Размер шрифта
-
+

Изгой Великий - стр. 44

Ещё недавно послушные законам, мыслящие добродетельно и жаждущие научить всему этому остальной мир эллины сами восстали против того, чему поклонялись.

Македонский Лев смотрел на это с горькой усмешкой, разочарованием и ненавистью: то, к чему он стремился, рушилось на его глазах, и он более всего на свете не хотел сейчас быть эллином. Суровая и простая жизнь варвара казалась ему чище, их природные законы справедливее, а боги – могущественнее и ближе к людям, ибо взирали на них, как на неразумных внуков своих. Он стал полноправным членом Дельфийского союза, когда уже не хотел этого, и потому был удручен: то, что им двигало все годы царствования, та звезда на небосклоне, что манила, вдруг утратила свою яркость, истончилась и померкла. Филипп мог бы пойти и далее, к Афинам, покончив за один поход со всей Элладой, но из-за своего варварского нрава не пошёл, потому что хотел побеждать в битвах!

В ту же пору сражаться было не с кем, и следовало выждать срок, покуда эллины не образумятся, не избавятся от страха и, вспомнив былую славу, соберутся с силами, чтобы встать супротив Македонского Льва.

По своему обычаю, он не добивал поверженного противника; он жаждал сразиться с таким же львом, а не с беззащитным и трусливым зайцем. И потому, вдоволь насладившись плодами победы, оставил своих наместников, а сам ушёл в Македонию.

А в Пелле, в час восхода солнца, он застал посольство из Эпира.

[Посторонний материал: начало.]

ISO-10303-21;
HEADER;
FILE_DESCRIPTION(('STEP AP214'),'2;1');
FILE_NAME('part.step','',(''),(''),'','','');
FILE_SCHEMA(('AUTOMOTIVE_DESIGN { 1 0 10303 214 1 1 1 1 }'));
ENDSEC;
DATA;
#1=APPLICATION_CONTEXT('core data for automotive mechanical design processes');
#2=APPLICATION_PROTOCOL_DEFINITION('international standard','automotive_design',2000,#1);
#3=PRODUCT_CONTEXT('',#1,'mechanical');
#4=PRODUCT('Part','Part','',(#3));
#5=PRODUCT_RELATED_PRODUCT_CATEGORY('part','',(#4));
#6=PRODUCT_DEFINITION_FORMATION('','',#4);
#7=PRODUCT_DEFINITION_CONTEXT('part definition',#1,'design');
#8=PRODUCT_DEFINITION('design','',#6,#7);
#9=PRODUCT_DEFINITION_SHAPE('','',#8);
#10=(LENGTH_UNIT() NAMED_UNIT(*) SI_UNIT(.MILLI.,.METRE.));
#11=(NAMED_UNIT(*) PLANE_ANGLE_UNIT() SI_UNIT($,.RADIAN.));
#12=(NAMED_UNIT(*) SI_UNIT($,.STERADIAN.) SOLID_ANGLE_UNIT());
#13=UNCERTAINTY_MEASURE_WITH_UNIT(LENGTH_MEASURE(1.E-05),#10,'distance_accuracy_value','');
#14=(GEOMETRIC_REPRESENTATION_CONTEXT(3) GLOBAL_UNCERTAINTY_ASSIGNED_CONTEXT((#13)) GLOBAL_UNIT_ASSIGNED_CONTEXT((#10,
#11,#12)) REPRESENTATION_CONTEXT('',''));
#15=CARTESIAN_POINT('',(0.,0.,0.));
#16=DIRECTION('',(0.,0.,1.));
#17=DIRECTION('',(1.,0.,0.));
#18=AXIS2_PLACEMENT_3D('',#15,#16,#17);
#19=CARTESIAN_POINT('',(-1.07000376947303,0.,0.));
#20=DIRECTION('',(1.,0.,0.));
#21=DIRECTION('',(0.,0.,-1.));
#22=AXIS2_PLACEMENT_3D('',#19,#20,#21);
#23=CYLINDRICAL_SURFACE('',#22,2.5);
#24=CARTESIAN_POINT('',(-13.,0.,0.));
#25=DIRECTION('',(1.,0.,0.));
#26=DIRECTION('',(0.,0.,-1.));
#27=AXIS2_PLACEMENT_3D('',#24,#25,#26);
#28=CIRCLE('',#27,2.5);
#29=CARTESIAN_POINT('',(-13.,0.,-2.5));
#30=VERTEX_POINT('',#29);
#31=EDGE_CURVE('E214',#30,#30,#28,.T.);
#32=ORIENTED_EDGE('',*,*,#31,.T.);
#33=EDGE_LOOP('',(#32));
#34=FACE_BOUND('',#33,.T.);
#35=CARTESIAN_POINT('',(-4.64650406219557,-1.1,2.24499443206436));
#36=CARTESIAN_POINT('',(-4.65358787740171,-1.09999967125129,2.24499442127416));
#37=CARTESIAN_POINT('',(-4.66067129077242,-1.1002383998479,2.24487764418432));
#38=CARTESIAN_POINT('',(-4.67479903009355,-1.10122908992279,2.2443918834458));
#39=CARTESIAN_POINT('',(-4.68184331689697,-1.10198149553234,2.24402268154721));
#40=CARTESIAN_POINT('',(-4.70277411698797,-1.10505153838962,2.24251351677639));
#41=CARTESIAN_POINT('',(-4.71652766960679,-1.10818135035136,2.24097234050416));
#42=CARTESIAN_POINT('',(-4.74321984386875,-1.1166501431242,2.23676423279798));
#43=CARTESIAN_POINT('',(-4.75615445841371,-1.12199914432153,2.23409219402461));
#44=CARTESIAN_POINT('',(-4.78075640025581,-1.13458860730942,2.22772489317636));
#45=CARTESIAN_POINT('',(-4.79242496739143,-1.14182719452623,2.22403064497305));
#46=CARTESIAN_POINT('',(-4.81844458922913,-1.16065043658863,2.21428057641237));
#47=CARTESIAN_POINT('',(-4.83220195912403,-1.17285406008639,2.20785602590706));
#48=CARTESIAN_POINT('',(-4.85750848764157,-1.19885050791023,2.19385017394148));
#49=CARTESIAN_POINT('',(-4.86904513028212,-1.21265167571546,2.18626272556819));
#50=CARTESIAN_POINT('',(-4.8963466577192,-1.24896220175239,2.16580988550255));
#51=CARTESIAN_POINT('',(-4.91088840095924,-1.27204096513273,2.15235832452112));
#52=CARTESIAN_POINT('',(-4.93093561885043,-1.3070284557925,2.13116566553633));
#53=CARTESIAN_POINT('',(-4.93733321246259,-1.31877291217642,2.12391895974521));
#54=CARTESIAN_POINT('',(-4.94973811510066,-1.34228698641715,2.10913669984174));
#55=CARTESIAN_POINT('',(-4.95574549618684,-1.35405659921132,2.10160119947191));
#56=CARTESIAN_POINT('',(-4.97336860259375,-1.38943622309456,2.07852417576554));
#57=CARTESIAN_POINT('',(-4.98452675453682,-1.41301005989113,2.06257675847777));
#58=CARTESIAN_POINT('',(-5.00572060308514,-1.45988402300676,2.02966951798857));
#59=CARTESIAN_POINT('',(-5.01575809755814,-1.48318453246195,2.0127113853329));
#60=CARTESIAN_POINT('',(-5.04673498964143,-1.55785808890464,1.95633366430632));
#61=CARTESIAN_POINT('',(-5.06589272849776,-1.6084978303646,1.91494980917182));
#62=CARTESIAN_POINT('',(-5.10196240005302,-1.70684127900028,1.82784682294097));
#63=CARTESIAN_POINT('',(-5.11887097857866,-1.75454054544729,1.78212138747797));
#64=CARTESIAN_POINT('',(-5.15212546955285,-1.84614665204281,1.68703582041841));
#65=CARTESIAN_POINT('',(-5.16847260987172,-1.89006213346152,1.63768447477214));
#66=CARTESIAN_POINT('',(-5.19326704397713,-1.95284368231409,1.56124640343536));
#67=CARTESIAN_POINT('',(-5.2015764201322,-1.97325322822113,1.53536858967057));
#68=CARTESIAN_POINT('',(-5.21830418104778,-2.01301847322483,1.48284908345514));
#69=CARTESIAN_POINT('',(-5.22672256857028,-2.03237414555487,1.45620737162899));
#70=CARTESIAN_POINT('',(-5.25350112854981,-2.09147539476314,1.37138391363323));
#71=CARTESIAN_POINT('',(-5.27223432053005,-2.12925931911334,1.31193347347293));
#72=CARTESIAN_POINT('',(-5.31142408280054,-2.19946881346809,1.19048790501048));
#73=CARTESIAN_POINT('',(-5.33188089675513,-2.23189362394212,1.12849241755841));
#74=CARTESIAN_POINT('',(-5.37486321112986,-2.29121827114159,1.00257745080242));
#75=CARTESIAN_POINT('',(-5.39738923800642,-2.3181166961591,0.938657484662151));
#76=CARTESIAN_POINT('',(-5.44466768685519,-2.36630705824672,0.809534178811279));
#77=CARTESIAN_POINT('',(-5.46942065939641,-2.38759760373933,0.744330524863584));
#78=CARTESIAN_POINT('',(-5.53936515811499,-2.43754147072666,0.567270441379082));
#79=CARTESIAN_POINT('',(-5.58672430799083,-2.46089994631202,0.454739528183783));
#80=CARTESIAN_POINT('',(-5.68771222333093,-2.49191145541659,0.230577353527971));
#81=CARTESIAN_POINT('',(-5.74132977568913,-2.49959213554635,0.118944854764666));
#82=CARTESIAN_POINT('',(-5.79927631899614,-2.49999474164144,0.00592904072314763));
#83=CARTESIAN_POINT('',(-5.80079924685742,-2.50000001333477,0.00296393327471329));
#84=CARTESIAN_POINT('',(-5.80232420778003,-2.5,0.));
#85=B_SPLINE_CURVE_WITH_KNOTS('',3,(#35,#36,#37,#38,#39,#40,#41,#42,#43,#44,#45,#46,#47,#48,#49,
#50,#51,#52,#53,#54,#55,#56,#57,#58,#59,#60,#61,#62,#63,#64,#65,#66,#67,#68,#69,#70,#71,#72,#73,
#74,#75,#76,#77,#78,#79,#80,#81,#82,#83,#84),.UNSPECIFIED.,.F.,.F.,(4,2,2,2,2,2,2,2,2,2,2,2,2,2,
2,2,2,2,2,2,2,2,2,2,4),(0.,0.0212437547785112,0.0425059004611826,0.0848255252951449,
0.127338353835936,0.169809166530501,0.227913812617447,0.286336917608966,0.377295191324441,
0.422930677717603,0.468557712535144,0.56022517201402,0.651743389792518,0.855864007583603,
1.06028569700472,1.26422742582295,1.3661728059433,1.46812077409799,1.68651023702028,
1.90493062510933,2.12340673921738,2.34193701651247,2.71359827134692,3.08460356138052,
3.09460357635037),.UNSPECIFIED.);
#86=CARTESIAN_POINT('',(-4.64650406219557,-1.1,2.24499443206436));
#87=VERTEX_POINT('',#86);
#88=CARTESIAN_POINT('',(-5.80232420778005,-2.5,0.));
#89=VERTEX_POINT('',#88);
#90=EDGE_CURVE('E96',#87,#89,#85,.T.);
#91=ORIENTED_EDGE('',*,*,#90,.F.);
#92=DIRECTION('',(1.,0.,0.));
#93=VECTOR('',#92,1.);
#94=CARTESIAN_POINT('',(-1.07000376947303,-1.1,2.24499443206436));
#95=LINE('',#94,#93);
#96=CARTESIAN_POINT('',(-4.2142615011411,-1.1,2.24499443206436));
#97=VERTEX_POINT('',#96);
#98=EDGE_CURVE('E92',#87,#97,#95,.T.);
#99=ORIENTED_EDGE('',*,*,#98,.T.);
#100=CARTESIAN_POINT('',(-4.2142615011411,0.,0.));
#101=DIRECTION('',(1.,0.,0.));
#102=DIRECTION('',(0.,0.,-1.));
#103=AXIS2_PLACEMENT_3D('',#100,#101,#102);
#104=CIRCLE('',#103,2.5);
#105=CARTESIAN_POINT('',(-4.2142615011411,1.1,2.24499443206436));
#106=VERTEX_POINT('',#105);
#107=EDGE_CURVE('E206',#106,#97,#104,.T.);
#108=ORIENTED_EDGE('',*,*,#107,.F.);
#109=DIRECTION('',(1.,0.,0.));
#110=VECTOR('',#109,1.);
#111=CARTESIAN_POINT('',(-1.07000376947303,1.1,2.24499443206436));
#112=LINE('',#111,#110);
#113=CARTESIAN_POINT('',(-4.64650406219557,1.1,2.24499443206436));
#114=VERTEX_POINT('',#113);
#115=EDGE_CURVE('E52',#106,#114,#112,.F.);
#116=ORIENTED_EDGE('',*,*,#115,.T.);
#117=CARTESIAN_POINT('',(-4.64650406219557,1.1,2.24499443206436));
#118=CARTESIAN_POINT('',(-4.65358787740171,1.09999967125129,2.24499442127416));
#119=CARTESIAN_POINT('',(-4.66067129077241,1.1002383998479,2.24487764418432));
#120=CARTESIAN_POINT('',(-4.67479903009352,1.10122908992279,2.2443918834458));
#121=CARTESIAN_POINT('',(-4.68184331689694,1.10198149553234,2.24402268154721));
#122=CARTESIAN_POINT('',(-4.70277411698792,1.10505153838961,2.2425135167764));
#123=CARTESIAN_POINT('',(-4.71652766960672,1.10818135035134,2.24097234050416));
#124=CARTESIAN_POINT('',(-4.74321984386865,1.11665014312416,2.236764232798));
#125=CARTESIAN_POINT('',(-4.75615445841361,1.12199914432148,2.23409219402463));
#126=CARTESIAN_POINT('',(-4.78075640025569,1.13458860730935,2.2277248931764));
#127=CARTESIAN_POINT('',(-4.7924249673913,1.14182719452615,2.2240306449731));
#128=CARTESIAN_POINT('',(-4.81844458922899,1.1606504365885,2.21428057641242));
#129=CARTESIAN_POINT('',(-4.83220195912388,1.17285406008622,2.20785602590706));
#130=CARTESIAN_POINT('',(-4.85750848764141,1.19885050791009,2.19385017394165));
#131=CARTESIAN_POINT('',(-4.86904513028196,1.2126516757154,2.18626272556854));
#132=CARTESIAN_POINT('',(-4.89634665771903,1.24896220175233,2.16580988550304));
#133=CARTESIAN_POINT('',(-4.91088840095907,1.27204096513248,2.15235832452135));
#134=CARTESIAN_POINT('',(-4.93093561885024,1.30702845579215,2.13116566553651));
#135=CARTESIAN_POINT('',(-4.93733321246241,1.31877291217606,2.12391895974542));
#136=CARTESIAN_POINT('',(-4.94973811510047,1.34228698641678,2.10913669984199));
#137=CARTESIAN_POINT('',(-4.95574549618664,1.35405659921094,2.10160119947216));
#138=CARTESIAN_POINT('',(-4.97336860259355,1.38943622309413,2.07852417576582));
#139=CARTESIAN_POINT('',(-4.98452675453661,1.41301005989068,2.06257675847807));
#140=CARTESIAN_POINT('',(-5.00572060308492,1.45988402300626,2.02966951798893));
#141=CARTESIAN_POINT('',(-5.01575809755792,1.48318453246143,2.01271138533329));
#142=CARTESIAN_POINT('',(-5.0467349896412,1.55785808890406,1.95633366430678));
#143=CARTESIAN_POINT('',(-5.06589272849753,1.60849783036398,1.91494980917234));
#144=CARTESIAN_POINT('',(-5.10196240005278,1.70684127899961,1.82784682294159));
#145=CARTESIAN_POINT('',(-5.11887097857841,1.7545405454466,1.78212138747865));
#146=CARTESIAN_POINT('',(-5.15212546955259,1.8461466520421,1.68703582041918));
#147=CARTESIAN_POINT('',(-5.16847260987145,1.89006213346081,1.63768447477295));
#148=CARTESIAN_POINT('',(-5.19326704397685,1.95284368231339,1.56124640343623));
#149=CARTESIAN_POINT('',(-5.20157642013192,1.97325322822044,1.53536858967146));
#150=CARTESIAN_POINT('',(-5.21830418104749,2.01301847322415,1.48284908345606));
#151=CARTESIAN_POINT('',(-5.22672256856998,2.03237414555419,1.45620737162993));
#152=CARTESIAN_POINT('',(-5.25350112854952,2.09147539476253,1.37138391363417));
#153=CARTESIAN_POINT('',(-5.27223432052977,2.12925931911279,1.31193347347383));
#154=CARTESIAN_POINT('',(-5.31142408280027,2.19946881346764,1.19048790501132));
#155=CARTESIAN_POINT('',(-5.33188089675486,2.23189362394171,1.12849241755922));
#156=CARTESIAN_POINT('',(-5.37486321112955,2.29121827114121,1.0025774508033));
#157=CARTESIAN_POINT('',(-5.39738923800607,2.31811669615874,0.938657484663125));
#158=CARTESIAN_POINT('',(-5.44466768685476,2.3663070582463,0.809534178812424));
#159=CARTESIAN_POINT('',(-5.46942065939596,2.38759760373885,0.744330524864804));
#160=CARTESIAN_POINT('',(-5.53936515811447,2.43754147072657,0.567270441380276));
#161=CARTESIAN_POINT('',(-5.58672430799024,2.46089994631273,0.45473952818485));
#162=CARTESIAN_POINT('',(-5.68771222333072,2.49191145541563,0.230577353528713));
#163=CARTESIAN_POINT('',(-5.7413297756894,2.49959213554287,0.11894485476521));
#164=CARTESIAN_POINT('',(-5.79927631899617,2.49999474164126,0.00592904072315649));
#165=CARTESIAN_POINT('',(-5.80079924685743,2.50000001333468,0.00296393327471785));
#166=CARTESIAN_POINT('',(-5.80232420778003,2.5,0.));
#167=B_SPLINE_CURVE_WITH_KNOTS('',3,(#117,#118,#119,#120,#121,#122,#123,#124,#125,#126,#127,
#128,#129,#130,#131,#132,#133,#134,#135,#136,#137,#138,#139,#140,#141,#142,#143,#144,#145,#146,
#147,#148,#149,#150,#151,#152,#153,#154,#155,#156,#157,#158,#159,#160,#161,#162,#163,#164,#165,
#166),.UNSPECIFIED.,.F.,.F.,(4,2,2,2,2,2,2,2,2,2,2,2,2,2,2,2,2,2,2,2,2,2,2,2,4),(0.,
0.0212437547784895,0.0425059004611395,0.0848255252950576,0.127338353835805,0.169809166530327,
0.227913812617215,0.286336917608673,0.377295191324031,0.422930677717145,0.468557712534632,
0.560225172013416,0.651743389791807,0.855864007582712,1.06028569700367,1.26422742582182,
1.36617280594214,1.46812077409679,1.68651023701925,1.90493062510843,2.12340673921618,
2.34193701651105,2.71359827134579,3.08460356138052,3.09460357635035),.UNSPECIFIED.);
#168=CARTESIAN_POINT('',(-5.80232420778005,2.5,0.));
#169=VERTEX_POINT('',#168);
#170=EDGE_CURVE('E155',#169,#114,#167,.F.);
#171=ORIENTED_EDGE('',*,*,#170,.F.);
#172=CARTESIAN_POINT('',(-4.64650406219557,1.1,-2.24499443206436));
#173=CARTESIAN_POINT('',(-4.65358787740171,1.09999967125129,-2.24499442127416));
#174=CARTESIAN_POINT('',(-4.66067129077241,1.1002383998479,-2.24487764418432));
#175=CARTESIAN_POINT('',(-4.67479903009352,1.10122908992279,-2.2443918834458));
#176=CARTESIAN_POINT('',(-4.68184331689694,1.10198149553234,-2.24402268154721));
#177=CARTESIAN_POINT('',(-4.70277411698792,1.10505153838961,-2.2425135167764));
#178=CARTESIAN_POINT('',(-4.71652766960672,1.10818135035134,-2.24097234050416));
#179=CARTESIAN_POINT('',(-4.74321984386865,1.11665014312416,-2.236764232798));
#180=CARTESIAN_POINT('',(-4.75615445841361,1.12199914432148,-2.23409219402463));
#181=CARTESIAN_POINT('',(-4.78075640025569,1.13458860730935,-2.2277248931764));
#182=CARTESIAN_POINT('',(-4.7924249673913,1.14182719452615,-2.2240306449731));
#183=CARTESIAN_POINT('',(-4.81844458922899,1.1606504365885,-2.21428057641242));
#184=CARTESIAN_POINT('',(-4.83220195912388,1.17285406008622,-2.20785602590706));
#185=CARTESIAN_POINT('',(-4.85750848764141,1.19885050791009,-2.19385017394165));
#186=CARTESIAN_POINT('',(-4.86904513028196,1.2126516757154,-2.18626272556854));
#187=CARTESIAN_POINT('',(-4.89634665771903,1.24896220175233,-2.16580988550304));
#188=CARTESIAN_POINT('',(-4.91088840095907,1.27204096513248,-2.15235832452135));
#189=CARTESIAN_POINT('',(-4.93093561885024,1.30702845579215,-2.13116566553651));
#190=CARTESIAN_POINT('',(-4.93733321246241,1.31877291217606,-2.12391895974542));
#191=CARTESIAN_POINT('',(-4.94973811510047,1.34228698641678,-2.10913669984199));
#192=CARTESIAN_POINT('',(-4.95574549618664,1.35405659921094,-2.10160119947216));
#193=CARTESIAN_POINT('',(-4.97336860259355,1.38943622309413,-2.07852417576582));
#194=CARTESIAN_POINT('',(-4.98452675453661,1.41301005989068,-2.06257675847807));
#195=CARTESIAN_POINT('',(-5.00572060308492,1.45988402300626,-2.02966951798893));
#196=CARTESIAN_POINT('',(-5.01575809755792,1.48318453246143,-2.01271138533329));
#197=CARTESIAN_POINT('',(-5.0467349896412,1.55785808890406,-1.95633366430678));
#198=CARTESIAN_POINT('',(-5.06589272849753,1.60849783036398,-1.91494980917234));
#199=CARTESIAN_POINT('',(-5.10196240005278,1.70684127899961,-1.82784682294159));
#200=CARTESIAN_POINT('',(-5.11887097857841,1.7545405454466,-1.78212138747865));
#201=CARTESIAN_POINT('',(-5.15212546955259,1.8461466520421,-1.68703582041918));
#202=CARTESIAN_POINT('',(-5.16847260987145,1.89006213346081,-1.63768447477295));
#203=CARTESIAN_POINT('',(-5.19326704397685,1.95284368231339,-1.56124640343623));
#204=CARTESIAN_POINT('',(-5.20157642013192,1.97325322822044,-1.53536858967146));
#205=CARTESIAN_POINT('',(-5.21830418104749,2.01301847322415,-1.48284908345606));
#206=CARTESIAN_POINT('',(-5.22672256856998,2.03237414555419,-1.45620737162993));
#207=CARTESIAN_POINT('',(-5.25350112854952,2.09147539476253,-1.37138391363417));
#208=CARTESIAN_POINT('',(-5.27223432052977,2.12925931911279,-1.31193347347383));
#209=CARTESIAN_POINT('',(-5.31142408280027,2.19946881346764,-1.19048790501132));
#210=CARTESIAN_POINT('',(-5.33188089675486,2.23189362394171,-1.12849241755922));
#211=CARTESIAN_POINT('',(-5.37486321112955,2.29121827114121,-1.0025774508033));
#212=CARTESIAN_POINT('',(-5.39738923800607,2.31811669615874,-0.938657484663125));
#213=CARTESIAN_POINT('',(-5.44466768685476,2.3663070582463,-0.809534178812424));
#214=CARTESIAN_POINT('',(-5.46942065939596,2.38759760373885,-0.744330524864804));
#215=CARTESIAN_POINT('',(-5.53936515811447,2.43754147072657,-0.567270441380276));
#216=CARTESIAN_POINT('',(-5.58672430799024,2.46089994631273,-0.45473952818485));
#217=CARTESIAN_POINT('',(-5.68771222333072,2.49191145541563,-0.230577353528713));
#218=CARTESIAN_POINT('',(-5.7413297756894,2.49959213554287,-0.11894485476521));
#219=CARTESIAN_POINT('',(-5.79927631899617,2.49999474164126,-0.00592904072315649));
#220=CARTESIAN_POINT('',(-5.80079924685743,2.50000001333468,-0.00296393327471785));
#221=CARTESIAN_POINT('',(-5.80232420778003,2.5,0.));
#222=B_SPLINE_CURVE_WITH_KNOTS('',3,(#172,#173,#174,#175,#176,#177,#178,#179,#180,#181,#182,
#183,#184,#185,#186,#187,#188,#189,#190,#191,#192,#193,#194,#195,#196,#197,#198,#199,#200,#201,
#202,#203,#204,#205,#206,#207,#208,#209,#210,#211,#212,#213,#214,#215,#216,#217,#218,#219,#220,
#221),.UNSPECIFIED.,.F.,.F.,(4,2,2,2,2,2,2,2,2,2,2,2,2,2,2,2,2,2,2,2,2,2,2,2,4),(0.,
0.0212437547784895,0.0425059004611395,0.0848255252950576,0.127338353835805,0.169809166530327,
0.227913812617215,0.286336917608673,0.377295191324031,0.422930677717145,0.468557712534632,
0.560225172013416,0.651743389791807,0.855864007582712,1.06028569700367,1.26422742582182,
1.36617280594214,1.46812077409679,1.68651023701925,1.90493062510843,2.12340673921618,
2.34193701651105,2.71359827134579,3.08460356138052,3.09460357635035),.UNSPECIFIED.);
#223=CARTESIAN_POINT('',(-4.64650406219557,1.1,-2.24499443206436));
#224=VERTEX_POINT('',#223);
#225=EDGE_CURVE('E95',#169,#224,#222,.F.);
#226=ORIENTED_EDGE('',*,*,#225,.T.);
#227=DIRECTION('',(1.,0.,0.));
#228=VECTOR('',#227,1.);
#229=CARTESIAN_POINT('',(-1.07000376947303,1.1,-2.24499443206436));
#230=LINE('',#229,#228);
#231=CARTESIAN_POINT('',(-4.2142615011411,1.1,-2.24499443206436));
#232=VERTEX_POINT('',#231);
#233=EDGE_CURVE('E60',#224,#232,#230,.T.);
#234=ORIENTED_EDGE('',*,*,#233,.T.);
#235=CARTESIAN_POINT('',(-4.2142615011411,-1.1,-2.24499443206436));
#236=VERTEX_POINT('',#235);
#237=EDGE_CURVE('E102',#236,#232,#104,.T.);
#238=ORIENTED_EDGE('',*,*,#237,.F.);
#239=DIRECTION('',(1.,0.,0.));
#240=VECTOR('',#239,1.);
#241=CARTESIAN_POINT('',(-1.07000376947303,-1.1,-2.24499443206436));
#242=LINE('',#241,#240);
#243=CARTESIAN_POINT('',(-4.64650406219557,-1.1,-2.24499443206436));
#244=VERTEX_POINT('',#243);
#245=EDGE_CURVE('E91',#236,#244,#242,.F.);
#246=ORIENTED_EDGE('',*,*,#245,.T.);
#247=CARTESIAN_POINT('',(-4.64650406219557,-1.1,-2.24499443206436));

Позрев на царя Аррибу, родного брата покойного Неоптолема, Филипп вдруг понял: заветный час настал и гордые потомки Ахилла сами привели ему желанную и ненавистную повелительницу змей Мирталу.

Взирая на восход, он на миг зачаровался и вновь услышал необъяснимый зов.


И ещё одна неистребимая и варварская страсть довлела в непокорном женолюбивом сердце – приверженность к охоте, которой царь одержим был и променять которую не мог ни на какие ценности Эллады. Едва слуха касался трубный глас оленя, или медвежий рык, или даже шелест крыл фазана, взлетающего из кустов, Филипп преображался, испытывая трепет, сходный с тем, что возникал лишь от гласа богов. Но зов сей был понятен: в ветхие времена все его предки не арали пашню и жили не с сохи, а с лова промышляли и потому носили прозвище – словене, тогда как пахарей Македонии и прочих стран звали арии. Но для далёких эллинов, кроящих на свой лад любое имя, все они были скуфь, ибо носили шапки, имели речь единую и сонмище богов.

Лов въелся в кровь, как и любовь к жёнам, ибо две эти стихии делали род людской неистребимым.

Видя восход македонцев и твёрдую поступь фаланг, Арридей не только отдал в жёны Мирталу, но и во всём стал подражать Филиппу, принялся по образу его перевоплощать Эпир и начал со двора. В первую очередь он велел извести всех змей, коих племянница развела довольно, и гады сии ползали даже в поварне и под троном. И хоть не жалили, ручные, и не мешали править, однако же роптали и пугались их эллинские философы и поэты, приглашённые для просвещения придворных. Сей варварский обычай – держать во дворце ползучих гадов – претил эллинским нравам и чувства возмущал, а посему холопы, вооружившись розгами, тайно от Мирталы истребляли их или исторгали за пределы двора, покуда она не узнала об этом. Разгневанная, царевна явилась к дяде и пригрозила заселить дворец не только змеями, но и привести сюда всех чародеек, ведьм и колдунов, с которыми водила дружбу и от которых набиралась таинств волшебства. Ссориться с племянницей царь не хотел, поскольку опасался проказ и порчи, к тому же у неё был брат Александр, способный через год или два, как повзрослеет, отнять престол по праву наследства, и посему присмирел. Но, желая угодить Миртале, а заодно избавиться и от неё вкупе со змеями, признался, что царь Филипп однажды присылал сватов, но получил отказ от Неоптолема. Де-мол, сегодня я готов отдать тебя за македонца, если того захочешь. А сам мысль затаил: без своенравной сестрицы ее брат опору потеряет и отречётся от престола.